Two lines mark the range in the entries below: the one holding "normal blind 0.16" and the one holding "(-0.425, -2.32, -7.925)". Set down those two and all lines between them, exactly.
===
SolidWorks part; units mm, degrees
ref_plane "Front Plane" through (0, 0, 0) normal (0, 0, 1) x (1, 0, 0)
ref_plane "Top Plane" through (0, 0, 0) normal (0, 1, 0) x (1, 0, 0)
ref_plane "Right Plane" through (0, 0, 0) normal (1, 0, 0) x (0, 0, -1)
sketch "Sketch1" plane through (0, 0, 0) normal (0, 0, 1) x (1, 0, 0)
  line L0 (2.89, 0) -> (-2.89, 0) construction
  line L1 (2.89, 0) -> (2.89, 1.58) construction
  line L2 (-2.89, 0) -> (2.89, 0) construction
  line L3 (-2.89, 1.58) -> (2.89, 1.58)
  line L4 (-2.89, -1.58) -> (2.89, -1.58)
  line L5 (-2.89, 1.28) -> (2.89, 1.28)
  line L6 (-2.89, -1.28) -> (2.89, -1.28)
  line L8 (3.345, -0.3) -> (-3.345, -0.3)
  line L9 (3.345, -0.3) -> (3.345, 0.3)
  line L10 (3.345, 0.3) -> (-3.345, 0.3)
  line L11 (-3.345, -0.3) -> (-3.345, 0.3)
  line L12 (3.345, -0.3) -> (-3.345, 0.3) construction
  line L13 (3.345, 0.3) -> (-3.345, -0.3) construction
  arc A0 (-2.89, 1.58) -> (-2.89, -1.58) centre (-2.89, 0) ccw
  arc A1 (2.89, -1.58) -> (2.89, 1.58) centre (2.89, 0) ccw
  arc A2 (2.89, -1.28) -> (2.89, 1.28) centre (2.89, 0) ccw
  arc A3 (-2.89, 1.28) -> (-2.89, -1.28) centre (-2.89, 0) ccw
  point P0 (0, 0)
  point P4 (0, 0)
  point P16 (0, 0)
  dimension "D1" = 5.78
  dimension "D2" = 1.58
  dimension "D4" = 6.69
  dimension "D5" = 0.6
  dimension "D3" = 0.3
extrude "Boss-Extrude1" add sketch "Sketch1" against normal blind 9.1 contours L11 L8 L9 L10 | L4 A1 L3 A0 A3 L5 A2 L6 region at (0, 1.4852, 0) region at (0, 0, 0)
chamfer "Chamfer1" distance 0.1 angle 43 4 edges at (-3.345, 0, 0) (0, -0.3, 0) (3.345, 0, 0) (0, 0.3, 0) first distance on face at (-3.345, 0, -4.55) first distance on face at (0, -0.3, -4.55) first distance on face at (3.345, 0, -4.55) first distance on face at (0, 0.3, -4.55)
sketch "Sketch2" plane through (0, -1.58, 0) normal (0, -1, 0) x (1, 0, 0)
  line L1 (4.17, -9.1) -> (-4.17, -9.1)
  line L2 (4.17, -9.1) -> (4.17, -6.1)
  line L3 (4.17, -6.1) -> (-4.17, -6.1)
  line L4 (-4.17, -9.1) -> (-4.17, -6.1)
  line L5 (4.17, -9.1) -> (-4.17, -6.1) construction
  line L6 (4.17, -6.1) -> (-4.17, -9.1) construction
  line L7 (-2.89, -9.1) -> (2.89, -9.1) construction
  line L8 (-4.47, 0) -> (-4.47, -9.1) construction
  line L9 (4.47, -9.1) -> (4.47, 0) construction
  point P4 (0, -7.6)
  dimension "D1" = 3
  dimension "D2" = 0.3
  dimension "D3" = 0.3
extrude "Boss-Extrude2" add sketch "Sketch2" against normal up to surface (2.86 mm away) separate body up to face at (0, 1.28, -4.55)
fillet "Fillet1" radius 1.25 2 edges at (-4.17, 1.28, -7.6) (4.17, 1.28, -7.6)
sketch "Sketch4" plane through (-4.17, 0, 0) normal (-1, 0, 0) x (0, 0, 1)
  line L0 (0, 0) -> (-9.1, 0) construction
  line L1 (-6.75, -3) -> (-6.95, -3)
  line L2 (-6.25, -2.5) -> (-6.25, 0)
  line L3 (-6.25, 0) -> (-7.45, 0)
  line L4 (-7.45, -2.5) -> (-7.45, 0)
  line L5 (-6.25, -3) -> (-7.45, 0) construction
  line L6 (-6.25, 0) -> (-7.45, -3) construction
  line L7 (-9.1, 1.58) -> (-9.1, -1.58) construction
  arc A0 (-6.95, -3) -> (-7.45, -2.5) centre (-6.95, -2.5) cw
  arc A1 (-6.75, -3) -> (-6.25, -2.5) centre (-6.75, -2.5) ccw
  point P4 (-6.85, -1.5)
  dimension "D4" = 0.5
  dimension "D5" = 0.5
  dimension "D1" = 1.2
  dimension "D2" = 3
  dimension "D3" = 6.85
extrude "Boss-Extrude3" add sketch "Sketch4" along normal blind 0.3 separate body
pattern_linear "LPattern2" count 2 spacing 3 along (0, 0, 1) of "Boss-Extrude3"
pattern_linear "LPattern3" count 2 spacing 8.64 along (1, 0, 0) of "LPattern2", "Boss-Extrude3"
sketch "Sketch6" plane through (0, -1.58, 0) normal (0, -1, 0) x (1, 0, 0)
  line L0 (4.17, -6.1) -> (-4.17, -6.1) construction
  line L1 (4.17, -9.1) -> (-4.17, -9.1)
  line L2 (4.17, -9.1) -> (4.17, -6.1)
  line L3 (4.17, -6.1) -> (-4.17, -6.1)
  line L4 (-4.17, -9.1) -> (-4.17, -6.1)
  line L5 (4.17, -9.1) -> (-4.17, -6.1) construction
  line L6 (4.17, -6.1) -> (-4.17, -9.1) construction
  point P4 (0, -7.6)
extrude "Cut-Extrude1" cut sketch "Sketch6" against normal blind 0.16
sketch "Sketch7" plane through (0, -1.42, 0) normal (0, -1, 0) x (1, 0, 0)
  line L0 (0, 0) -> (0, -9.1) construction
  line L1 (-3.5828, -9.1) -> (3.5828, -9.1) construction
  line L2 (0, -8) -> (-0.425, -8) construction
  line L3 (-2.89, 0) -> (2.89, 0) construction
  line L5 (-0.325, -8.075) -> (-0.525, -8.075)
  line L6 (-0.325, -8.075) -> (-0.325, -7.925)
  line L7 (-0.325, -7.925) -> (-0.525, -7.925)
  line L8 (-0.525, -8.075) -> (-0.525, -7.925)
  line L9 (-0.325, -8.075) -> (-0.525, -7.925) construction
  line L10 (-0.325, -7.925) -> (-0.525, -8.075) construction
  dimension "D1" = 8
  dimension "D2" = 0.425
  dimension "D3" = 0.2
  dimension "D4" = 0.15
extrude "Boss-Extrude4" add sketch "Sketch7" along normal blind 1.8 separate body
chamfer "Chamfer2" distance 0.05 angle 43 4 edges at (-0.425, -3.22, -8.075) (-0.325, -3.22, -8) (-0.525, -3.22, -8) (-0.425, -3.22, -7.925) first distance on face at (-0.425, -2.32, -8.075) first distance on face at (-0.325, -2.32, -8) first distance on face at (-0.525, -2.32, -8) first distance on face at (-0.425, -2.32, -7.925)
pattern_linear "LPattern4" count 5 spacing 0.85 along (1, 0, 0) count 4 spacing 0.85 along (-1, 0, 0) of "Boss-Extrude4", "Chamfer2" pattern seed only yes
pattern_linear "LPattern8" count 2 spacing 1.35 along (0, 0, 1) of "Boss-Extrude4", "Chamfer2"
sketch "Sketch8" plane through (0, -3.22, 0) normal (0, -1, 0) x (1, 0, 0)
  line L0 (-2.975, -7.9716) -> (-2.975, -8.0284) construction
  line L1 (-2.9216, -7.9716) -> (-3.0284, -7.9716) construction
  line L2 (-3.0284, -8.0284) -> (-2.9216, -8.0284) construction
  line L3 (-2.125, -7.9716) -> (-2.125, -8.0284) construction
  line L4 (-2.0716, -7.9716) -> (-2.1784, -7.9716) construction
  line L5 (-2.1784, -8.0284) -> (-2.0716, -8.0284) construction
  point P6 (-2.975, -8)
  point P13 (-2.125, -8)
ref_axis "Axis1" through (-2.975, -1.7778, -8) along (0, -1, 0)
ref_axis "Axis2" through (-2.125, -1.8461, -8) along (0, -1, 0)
===
OUTPUT BELOW:
extrude "Cut-Extrude1" cut sketch "Sketch6" against normal blind 0.16
sketch "Sketch7" plane through (0, -1.42, 0) normal (0, -1, 0) x (1, 0, 0)
  line L0 (0, 0) -> (0, -9.1) construction
  line L1 (-3.5828, -9.1) -> (3.5828, -9.1) construction
  line L2 (0, -8) -> (-0.425, -8) construction
  line L3 (-2.89, 0) -> (2.89, 0) construction
  line L5 (-0.325, -8.075) -> (-0.525, -8.075)
  line L6 (-0.325, -8.075) -> (-0.325, -7.925)
  line L7 (-0.325, -7.925) -> (-0.525, -7.925)
  line L8 (-0.525, -8.075) -> (-0.525, -7.925)
  line L9 (-0.325, -8.075) -> (-0.525, -7.925) construction
  line L10 (-0.325, -7.925) -> (-0.525, -8.075) construction
  dimension "D1" = 8
  dimension "D2" = 0.425
  dimension "D3" = 0.2
  dimension "D4" = 0.15
extrude "Boss-Extrude4" add sketch "Sketch7" along normal blind 1.8 separate body
chamfer "Chamfer2" distance 0.05 angle 43 4 edges at (-0.425, -3.22, -8.075) (-0.325, -3.22, -8) (-0.525, -3.22, -8) (-0.425, -3.22, -7.925) first distance on face at (-0.425, -2.32, -8.075) first distance on face at (-0.325, -2.32, -8) first distance on face at (-0.525, -2.32, -8) first distance on face at (-0.425, -2.32, -7.925)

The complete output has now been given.